Mr. Ross bent over and peered at it with interest. He reached out and Dweebo’s fingers tightened around it protectively.
“It appears to be covered with some sort of matter,” said Mr. Ross. “Why don’t you go clean it at the sink?”
Dweebo did as he was told. He moved across the room at his own turtle-footed pace, looking at no one. When he brought the stone back, everyone could see that its surface was marbled, pearly gray and pink.
What was that smell? Feenix sat up, her bracelet clinking. It was wonderful. Familiar, somehow, but also very strange.
“Where, exactly, did you find this?” Mr. Ross asked. He tried to take the stone from Dweebo’s hand, but Dweebo wouldn’t let go. “Did you go to the park, as I asked you guys to do?”
“Well, uh, no. Not exactly. But I was like walking along and it was so interesting looking, I thought you would . . . um . . . appreciate it.”
He was right. Mr. Ross couldn’t take his eyes off the thing. “Well, what do you think? Igneous, sedimentary, or metamorphic? Let the rest of the class take a look. Let’s see what they think.”
Dweebo walked slowly to the front of the room and approached Danton first. Danton leaned forward curiously.
Feenix always thought that when Danton sat down he looked like a folded up grasshopper, his elbows and knees sticking out all over the place. When he stood up the story changed. Standing up, everything came together. On his feet he looked ready for everything. He was very tall. Taller than her, for sure, and he was getting taller every day. Humongous feet and hands and this unbelievable sunshiny smile. His skin was obviously the product of some ethnic funny business like in her own family. Though his was darker. It reminded her of shiny nutshells. She left him alone. Her mission was to wake people up and he was already wide awake. He moved easily from crowd to crowd, though he never quite seemed to settle anywhere. She could tell, too, that he didn’t exactly approve of her. Well, many people didn’t. So what? Most great minds were not appreciated in their own time.
As Dweebo approached him, Danton flashed his grin and then reached out and touched the rock.
“Igneous, sedimentary, or metamorphic?” Mr. Ross questioned.
“Uhh. Igneous?”
Mr. Ross didn’t say anything. “Show the rest of the group, Edward.”
Edward approached Brigit.
Oh boy. Feenix held her breath. Everybody held their breath. Brigit had shown up here at the Community Magnet Middle School for Misfits and Dimwits about three weeks ago. She had yet to say a word. She was red-haired and pale skinned, and she had this very colorful disability.
Feenix waited hopefully.
Brigit leaned forward and touched the stone. Odd, but the disability did not manifest itself.
Mr. Ross ignored the wind rattling at the window. “So what do you think?” he asked Brigit gently. Brigit pulled her hand back and gave a tiny shake of her head.
Feenix was next and Dweebo was slowly and reluctantly approaching her. Dweebo’s expression was as coldly distant as the planet Pluto. She was about to tell him that his fly was down. Which it wasn’t. Then her attention was distracted by the rock.
What was it? It looked like a regular rock, but also it didn’t. And there was that smell again.

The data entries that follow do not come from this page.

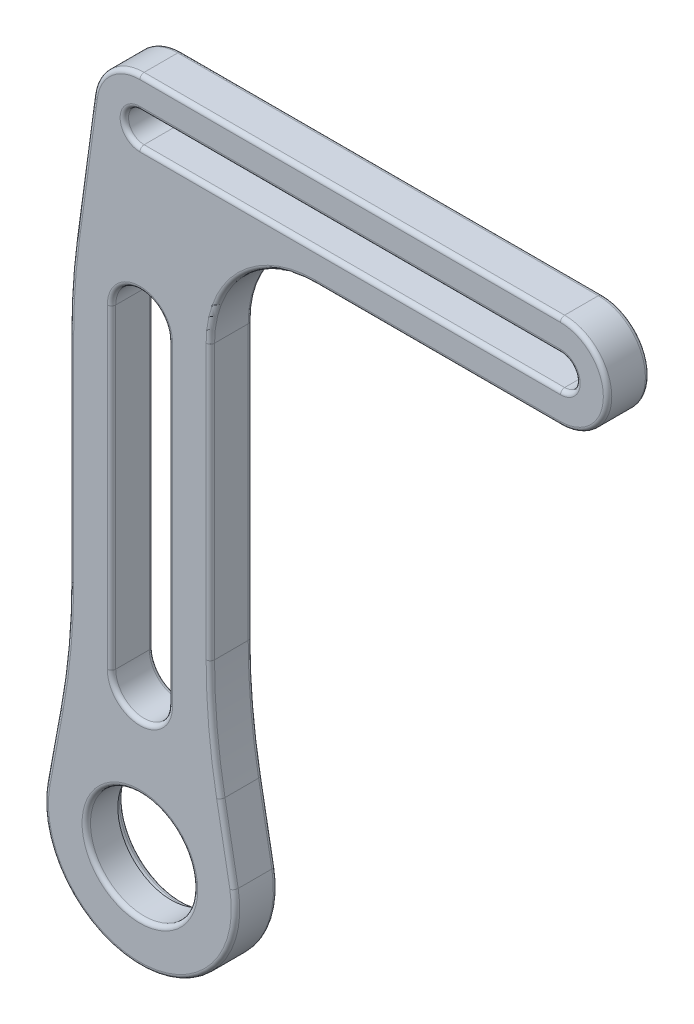
from build123d import *

# Parameters (mm, degrees)
SKETCH1_R                = 6.477
BOSS_EXTRUDE1_DEPTH      = 3.81
BOSS_EXTRUDE1_DEPTH_BACK = 1.27
SKETCH2_R                = 7.0739
CUT_EXTRUDE1_DEPTH       = 2.27
FILLET2_R                = 12.7
FILLET3_R                = 76.2
FILLET1_R                = 0.508


with BuildPart() as part:
    # Sketch1 → Boss-Extrude1 (new body, two sides)
    with BuildSketch(Plane.XY) as boss_extrude1_sk:
        with BuildLine():
            Line((-19.304, 30.32662374), (-19.304, -7.77337626))
            Line((-19.304, -7.77337626), (-22.161362566, -23.309533302))
            ThreePointArc((-22.161362566, -23.309533302), (-10.795, -36.957), (0.571362566, -23.309533302))
            Line((0.571362566, -23.309533302), (-2.286, -7.77337626))
            Line((-2.286, -7.77337626), (-2.286, 30.32662374))
            Line((-2.286, 30.32662374), (-2.286, 44.9973954))
            Line((-2.286, 44.9973954), (40.005, 44.9973954))
            ThreePointArc((40.005, 44.9973954), (45.6946, 50.6869954), (40.005, 56.3765954))
            Line((40.005, 56.3765954), (-10.795, 56.3765954))
            ThreePointArc((-10.795, 56.3765954), (-14.537468296, 54.972491779), (-16.432772192, 51.45320221))
            Line((-16.432772192, 51.45320221), (-19.304, 30.32662374))
        make_face()
        with Locations((-10.795, -25.4)):
            Circle(SKETCH1_R, mode=Mode.SUBTRACT)
        with BuildLine():
            ThreePointArc((-7.366, -7.77337626), (-10.795, -11.20237626), (-14.224, -7.77337626))
            Line((-14.224, -7.77337626), (-14.224, 30.32662374))
            ThreePointArc((-14.224, 30.32662374), (-10.795, 33.75562374), (-7.366, 30.32662374))
            Line((-7.366, 30.32662374), (-7.366, -7.77337626))
        make_face(mode=Mode.SUBTRACT)
        with BuildLine():
            ThreePointArc((-10.795, 48.8073954), (-12.6746, 50.6869954), (-10.795, 52.5665954))
            Line((-10.795, 52.5665954), (40.005, 52.5665954))
            ThreePointArc((40.005, 52.5665954), (41.8846, 50.6869954), (40.005, 48.8073954))
            Line((40.005, 48.8073954), (-10.795, 48.8073954))
        make_face(mode=Mode.SUBTRACT)
    extrude(amount=BOSS_EXTRUDE1_DEPTH)
    extrude(boss_extrude1_sk.sketch, amount=-BOSS_EXTRUDE1_DEPTH_BACK)

    # Sketch2 → Cut-Extrude1 (cut, through all)
    with BuildSketch(Plane.XY):
        with Locations((-10.795, -25.4)):
            Circle(SKETCH2_R)
    extrude(amount=-CUT_EXTRUDE1_DEPTH, mode=Mode.SUBTRACT)

    # Fillet2
    fillet2_edges = [part.edges().sort_by_distance(p)[0] for p in [
        (-2.286, 44.9973954, 1.27),
    ]]
    fillet(fillet2_edges, radius=FILLET2_R)

    # Fillet3
    fillet3_edges = [part.edges().sort_by_distance(p)[0] for p in [
        (-2.286, -7.77337626, 1.27),
        (-19.304, -7.77337626, 1.27),
        (-19.304, 30.32662374, 1.27),
    ]]
    fillet(fillet3_edges, radius=FILLET3_R)

    # Fillet1
    fillet1_edges = [part.edges().sort_by_distance(p)[0] for p in [
        (45.6946, 50.6869954, -1.27),
        (-17.8689, -25.4, -1.27),
        (25.2095, 44.9973954, 3.81),
        (25.2095, 44.9973954, -1.27),
        (1.433743879, 41.277651521, 3.81),
        (1.433743879, 41.277651521, -1.27),
        (-0.22884366, -18.958622519, 3.81),
        (-0.22884366, -18.958622519, -1.27),
        (-2.286, 15.736490286, -1.27),
        (-2.286, 15.736490286, 3.81),
        (-19.304, 12.173941902, 3.81),
        (-19.304, 12.173941902, -1.27),
        (-21.36115634, -18.958622519, 3.81),
        (-21.36115634, -18.958622519, -1.27),
        (-17.521324879, 43.443599594, 3.81),
        (-17.521324879, 43.443599594, -1.27),
        (-19.130271349, 30.314872376, 3.81),
        (-19.130271349, 30.314872376, -1.27),
        (-1.971111851, -7.744660438, 3.81),
        (-1.971111851, -7.744660438, -1.27),
        (-19.618888149, -7.744660438, 3.81),
        (-19.618888149, -7.744660438, -1.27),
        (-10.795, 33.75562374, -1.27),
        (-7.366, 11.27662374, -1.27),
        (-10.795, -11.20237626, -1.27),
        (-14.224, 11.27662374, -1.27),
        (41.8846, 50.6869954, -1.27),
        (14.605, 48.8073954, -1.27),
        (-12.6746, 50.6869954, -1.27),
        (14.605, 52.5665954, -1.27),
        (14.605, 56.3765954, 3.81),
        (14.605, 56.3765954, -1.27),
        (41.8846, 50.6869954, 3.81),
        (14.605, 48.8073954, 3.81),
        (-12.6746, 50.6869954, 3.81),
        (-10.795, 33.75562374, 3.81),
        (-7.366, 11.27662374, 3.81),
        (-10.795, -11.20237626, 3.81),
        (-14.537468296, 54.972491779, -1.27),
        (-17.272, -25.4, 3.81),
        (-14.224, 11.27662374, 3.81),
        (14.605, 52.5665954, 3.81),
        (-14.537468296, 54.972491779, 3.81),
        (-10.795, -36.957, 3.81),
        (45.6946, 50.6869954, 3.81),
        (-10.795, -36.957, -1.27),
    ]]
    fillet(fillet1_edges, radius=FILLET1_R)


solid = part.part
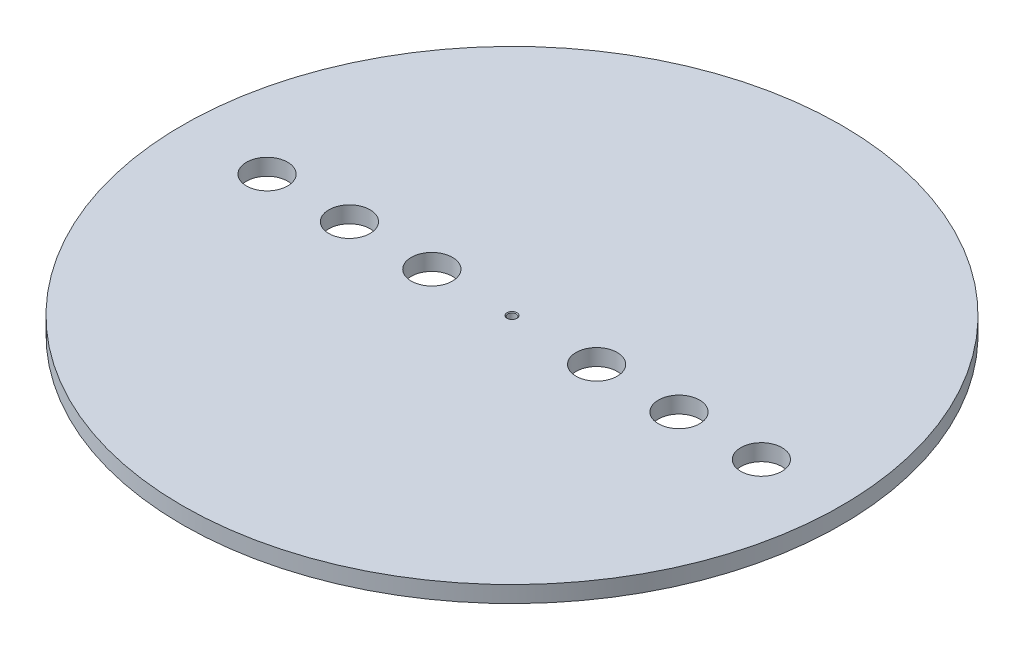
from build123d import *

# Parameters (mm, degrees)
SKETCH1_R                    = 400
BOSS_EXTRUDE1_DEPTH          = 20
SKETCH2_R                    = 25
CUT_EXTRUDE3_DEPTH           = 20
M12_TAPPED_HOLE1_D           = 10.2
M12_TAPPED_HOLE1_DEPTH       = 32.75
M12_TAPPED_HOLE1_CSINK_D     = 12.05
M12_TAPPED_HOLE1_CSINK_ANGLE = 90
M12_TAPPED_HOLE1_TIP         = 3.064389157


with BuildPart() as part:
    # Sketch1 → Boss-Extrude1 (new body)
    with BuildSketch(Plane(origin=(0, 0, 0), x_dir=(1, 0, 0), z_dir=(0, 1, 0))):
        Circle(SKETCH1_R)
    extrude(amount=BOSS_EXTRUDE1_DEPTH)

    # Sketch2 → Cut-Extrude3 (cut)
    with BuildSketch(Plane(origin=(0, 0, 0), x_dir=(1, 0, 0), z_dir=(0, 1, 0))):
        with Locations((102.698747746, 0)):
            Circle(SKETCH2_R)
        with Locations((202.698747746, 0)):
            Circle(SKETCH2_R)
        with Locations((302.698747746, 0)):
            Circle(SKETCH2_R)
        with Locations((-97.301252254, 0)):
            Circle(SKETCH2_R)
        with Locations((-197.301252254, 0)):
            Circle(SKETCH2_R)
        with Locations((-297.301252254, 0)):
            Circle(SKETCH2_R)
    extrude(amount=CUT_EXTRUDE3_DEPTH, mode=Mode.SUBTRACT)

    # M12 Tapped Hole1
    with Locations(Plane(origin=(0, 20, 0), x_dir=(1, 0, 0), z_dir=(0, 1, 0))):
        with Locations((0, 0)):
            CounterSinkHole(M12_TAPPED_HOLE1_D / 2, M12_TAPPED_HOLE1_CSINK_D / 2, depth=M12_TAPPED_HOLE1_DEPTH, counter_sink_angle=M12_TAPPED_HOLE1_CSINK_ANGLE)
            with Locations((0, 0, -(M12_TAPPED_HOLE1_DEPTH + M12_TAPPED_HOLE1_TIP / 2))):  # 118° drill point
                Cone(0, M12_TAPPED_HOLE1_D / 2, M12_TAPPED_HOLE1_TIP, mode=Mode.SUBTRACT)


solid = part.part
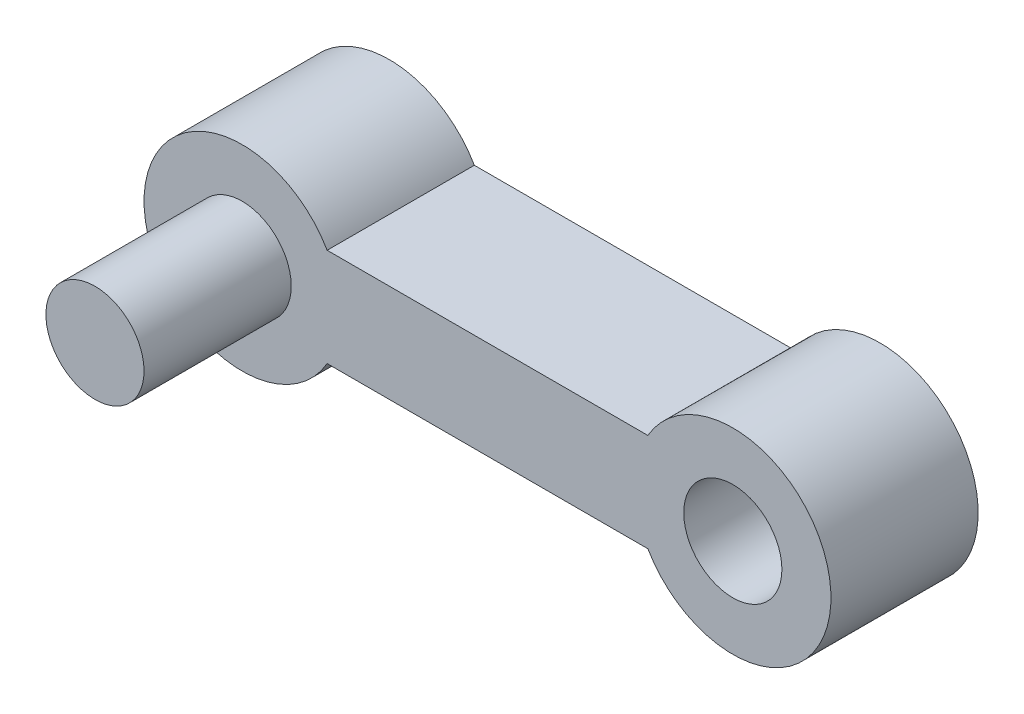
from build123d import *

# Parameters (mm, degrees)
BOSS_EXTRUDE1_DEPTH = 3
SKETCH3_R           = 1
BOSS_EXTRUDE2_DEPTH = 3
SKETCH4_R           = 1
CUT_EXTRUDE1_DEPTH  = 3


with BuildPart() as part:
    # Sketch2 → Boss-Extrude1 (new body)
    with BuildSketch(Plane.XY):
        with BuildLine():
            Line((-36.5050045, 13.800340042), (-29.969106115, 13.800340042))
            ThreePointArc((-29.969106115, 13.800340042), (-26.237055307, 12.800340042), (-29.969106115, 11.800340042))
            Line((-29.969106115, 11.800340042), (-36.5050045, 11.800340042))
            ThreePointArc((-36.5050045, 11.800340042), (-40.237055307, 12.800340042), (-36.5050045, 13.800340042))
        make_face()
    extrude(amount=BOSS_EXTRUDE1_DEPTH)

    # Sketch3 → Boss-Extrude2 (add)
    with BuildSketch(Plane.XY.offset(3)):
        with Locations((-38.237055307, 12.800340042)):
            Circle(SKETCH3_R)
    extrude(amount=BOSS_EXTRUDE2_DEPTH)

    # Sketch4 → Cut-Extrude1 (cut)
    with BuildSketch(Plane(origin=(0, 0, 0), x_dir=(-1, 0, 0), z_dir=(0, 0, -1))):
        with Locations((28.237055307, 12.800340042)):
            Circle(SKETCH4_R)
    extrude(amount=-CUT_EXTRUDE1_DEPTH, mode=Mode.SUBTRACT)


solid = part.part

“Let me get a better look at it,” she said. And her fingers curled around it, without waiting for his permission.
“Hey!” he objected.
She had the weirdest impression that the stone nearly jumped into her hand.
Now the wind gave a great wolf howl. It threw itself against the window and there was a loud shattering sound as glass exploded into the room.
CHAPTER THREE
Edward Loses It
Edward just stood where he was, watching all the commotion. Everyone else jumped up from their seats and moved away from the window, laughing and yelling. There was glass all over the floor and the wind was shooting around the room with a high-pitched whistling sound blowing papers into the air.
Feenix had stepped away from him, and Edward saw how amused she was by everybody else’s excitement. She just loved it when people got discombobulated.
He had a feeling she knew perfectly well he was watching her, but she didn’t turn in his direction. After a while she moved away and started searching for something on the floor. She bent down and when she came back up she had her ridiculous pink purse.
Meanwhile, Mr. Ross was calling for everyone to keep calm. “Into the hallway, please. One at a time. No pushing. Let’s go. You over there, under that desk, let’s not be ridiculous. Edward, you can move a little faster than that.”
He managed to shepherd everyone out into the hallway and sit them down against the wall while he sent Danton to go get the custodian.
Calmly, Mr. Ross went up and down the line of kids to make sure no one had been hurt. Except for some minor scrapes everyone was fine. No sooner had he finished checking everyone out than the bell rang again.
In study hall Edward considered the problem of time. He’d actually been listening fairly closely to the discussion. He wondered what Mr. Ross would make of his aunt’s theory that time was a great treasure and without it everything would happen at once. He would undoubtedly think she had marshmallows for brains. Her theories were generally without any scientific foundation. He had a brief, horrifying vision of her lecturing Mr. Ross about the Great Web of Being. Just the thought made him want to sink into the ground with mortification. He would have to be very careful to make sure they never met.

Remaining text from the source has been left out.